**What you should do**
Write out all the data again, exactly as shown.

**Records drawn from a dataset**
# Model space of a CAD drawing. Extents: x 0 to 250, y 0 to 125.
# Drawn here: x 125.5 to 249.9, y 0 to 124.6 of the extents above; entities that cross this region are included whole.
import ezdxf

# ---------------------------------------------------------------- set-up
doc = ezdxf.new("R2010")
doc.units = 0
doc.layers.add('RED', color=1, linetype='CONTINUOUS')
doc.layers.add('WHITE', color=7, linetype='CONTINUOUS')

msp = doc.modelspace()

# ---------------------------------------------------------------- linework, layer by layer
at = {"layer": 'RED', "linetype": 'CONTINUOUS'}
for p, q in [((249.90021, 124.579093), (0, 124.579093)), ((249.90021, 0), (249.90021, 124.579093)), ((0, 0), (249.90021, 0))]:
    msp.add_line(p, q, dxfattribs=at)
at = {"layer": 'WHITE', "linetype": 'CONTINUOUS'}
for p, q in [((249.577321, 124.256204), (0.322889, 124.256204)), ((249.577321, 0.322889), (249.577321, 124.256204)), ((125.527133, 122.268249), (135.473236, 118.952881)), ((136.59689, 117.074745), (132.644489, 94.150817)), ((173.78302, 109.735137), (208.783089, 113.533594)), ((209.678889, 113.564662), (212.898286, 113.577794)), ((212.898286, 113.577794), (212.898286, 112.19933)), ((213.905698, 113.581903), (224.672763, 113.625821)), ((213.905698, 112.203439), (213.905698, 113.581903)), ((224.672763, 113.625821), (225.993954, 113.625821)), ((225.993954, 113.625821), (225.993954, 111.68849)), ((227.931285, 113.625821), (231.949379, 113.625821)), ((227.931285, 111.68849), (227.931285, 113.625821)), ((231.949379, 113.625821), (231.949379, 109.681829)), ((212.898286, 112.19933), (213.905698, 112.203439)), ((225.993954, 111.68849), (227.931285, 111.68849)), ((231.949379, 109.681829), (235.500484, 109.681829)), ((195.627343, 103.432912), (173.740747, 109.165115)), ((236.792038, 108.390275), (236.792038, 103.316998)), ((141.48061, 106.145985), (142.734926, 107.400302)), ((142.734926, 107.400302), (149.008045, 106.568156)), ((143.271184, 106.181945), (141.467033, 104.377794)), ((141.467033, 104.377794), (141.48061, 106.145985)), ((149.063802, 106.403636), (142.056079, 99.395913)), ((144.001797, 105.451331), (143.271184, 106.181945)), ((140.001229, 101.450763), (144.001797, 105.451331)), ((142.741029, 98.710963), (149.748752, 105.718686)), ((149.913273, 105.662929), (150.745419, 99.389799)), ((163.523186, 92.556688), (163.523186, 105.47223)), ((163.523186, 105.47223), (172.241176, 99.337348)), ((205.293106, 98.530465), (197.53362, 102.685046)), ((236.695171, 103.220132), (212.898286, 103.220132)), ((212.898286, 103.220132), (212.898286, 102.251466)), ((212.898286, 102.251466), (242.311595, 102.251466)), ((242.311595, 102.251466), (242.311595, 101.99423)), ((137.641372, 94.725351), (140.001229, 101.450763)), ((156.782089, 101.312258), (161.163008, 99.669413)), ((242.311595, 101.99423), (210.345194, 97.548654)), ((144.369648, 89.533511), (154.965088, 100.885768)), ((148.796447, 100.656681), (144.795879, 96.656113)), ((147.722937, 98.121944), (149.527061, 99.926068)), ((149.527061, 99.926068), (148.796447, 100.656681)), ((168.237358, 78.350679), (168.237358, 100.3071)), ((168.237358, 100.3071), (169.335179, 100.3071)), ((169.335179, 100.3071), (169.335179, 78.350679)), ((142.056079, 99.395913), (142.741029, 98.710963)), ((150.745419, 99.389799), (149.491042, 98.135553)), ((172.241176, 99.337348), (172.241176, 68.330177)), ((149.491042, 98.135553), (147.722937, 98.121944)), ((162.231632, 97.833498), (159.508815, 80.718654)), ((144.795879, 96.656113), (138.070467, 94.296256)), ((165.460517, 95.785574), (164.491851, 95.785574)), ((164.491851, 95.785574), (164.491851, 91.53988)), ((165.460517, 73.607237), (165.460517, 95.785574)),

**Worked solution**
# Model space of a CAD drawing. Extents: x 0 to 250, y 0 to 125.
# Drawn here: x 125.5 to 249.9, y 0 to 124.6 of the extents above; entities that cross this region are included whole.
import ezdxf

# ---------------------------------------------------------------- set-up
doc = ezdxf.new("R2010")
doc.units = 0
doc.layers.add('RED', color=1, linetype='CONTINUOUS')
doc.layers.add('WHITE', color=7, linetype='CONTINUOUS')

msp = doc.modelspace()

# ---------------------------------------------------------------- linework, layer by layer
at = {"layer": 'RED', "linetype": 'CONTINUOUS'}
for p, q in [((249.90021, 124.579093), (0, 124.579093)), ((249.90021, 0), (249.90021, 124.579093)), ((0, 0), (249.90021, 0))]:
    msp.add_line(p, q, dxfattribs=at)
at = {"layer": 'WHITE', "linetype": 'CONTINUOUS'}
for p, q in [((249.577321, 124.256204), (0.322889, 124.256204)), ((249.577321, 0.322889), (249.577321, 124.256204)), ((125.527133, 122.268249), (135.473236, 118.952881)), ((136.59689, 117.074745), (132.644489, 94.150817)), ((173.78302, 109.735137), (208.783089, 113.533594)), ((209.678889, 113.564662), (212.898286, 113.577794)), ((212.898286, 113.577794), (212.898286, 112.19933)), ((213.905698, 113.581903), (224.672763, 113.625821)), ((213.905698, 112.203439), (213.905698, 113.581903)), ((224.672763, 113.625821), (225.993954, 113.625821)), ((225.993954, 113.625821), (225.993954, 111.68849)), ((227.931285, 113.625821), (231.949379, 113.625821)), ((227.931285, 111.68849), (227.931285, 113.625821)), ((231.949379, 113.625821), (231.949379, 109.681829)), ((212.898286, 112.19933), (213.905698, 112.203439)), ((225.993954, 111.68849), (227.931285, 111.68849)), ((231.949379, 109.681829), (235.500484, 109.681829)), ((195.627343, 103.432912), (173.740747, 109.165115)), ((236.792038, 108.390275), (236.792038, 103.316998)), ((141.48061, 106.145985), (142.734926, 107.400302)), ((142.734926, 107.400302), (149.008045, 106.568156)), ((143.271184, 106.181945), (141.467033, 104.377794)), ((141.467033, 104.377794), (141.48061, 106.145985)), ((149.063802, 106.403636), (142.056079, 99.395913)), ((144.001797, 105.451331), (143.271184, 106.181945)), ((140.001229, 101.450763), (144.001797, 105.451331)), ((142.741029, 98.710963), (149.748752, 105.718686)), ((149.913273, 105.662929), (150.745419, 99.389799)), ((163.523186, 92.556688), (163.523186, 105.47223)), ((163.523186, 105.47223), (172.241176, 99.337348)), ((205.293106, 98.530465), (197.53362, 102.685046)), ((236.695171, 103.220132), (212.898286, 103.220132)), ((212.898286, 103.220132), (212.898286, 102.251466)), ((212.898286, 102.251466), (242.311595, 102.251466)), ((242.311595, 102.251466), (242.311595, 101.99423)), ((137.641372, 94.725351), (140.001229, 101.450763)), ((156.782089, 101.312258), (161.163008, 99.669413)), ((242.311595, 101.99423), (210.345194, 97.548654)), ((144.369648, 89.533511), (154.965088, 100.885768)), ((148.796447, 100.656681), (144.795879, 96.656113)), ((147.722937, 98.121944), (149.527061, 99.926068)), ((149.527061, 99.926068), (148.796447, 100.656681)), ((168.237358, 78.350679), (168.237358, 100.3071)), ((168.237358, 100.3071), (169.335179, 100.3071)), ((169.335179, 100.3071), (169.335179, 78.350679)), ((142.056079, 99.395913), (142.741029, 98.710963)), ((150.745419, 99.389799), (149.491042, 98.135553)), ((172.241176, 99.337348), (172.241176, 68.330177)), ((149.491042, 98.135553), (147.722937, 98.121944)), ((162.231632, 97.833498), (159.508815, 80.718654)), ((144.795879, 96.656113), (138.070467, 94.296256)), ((165.460517, 95.785574), (164.491851, 95.785574)), ((164.491851, 95.785574), (164.491851, 91.53988)), ((165.460517, 73.607237), (165.460517, 95.785574)),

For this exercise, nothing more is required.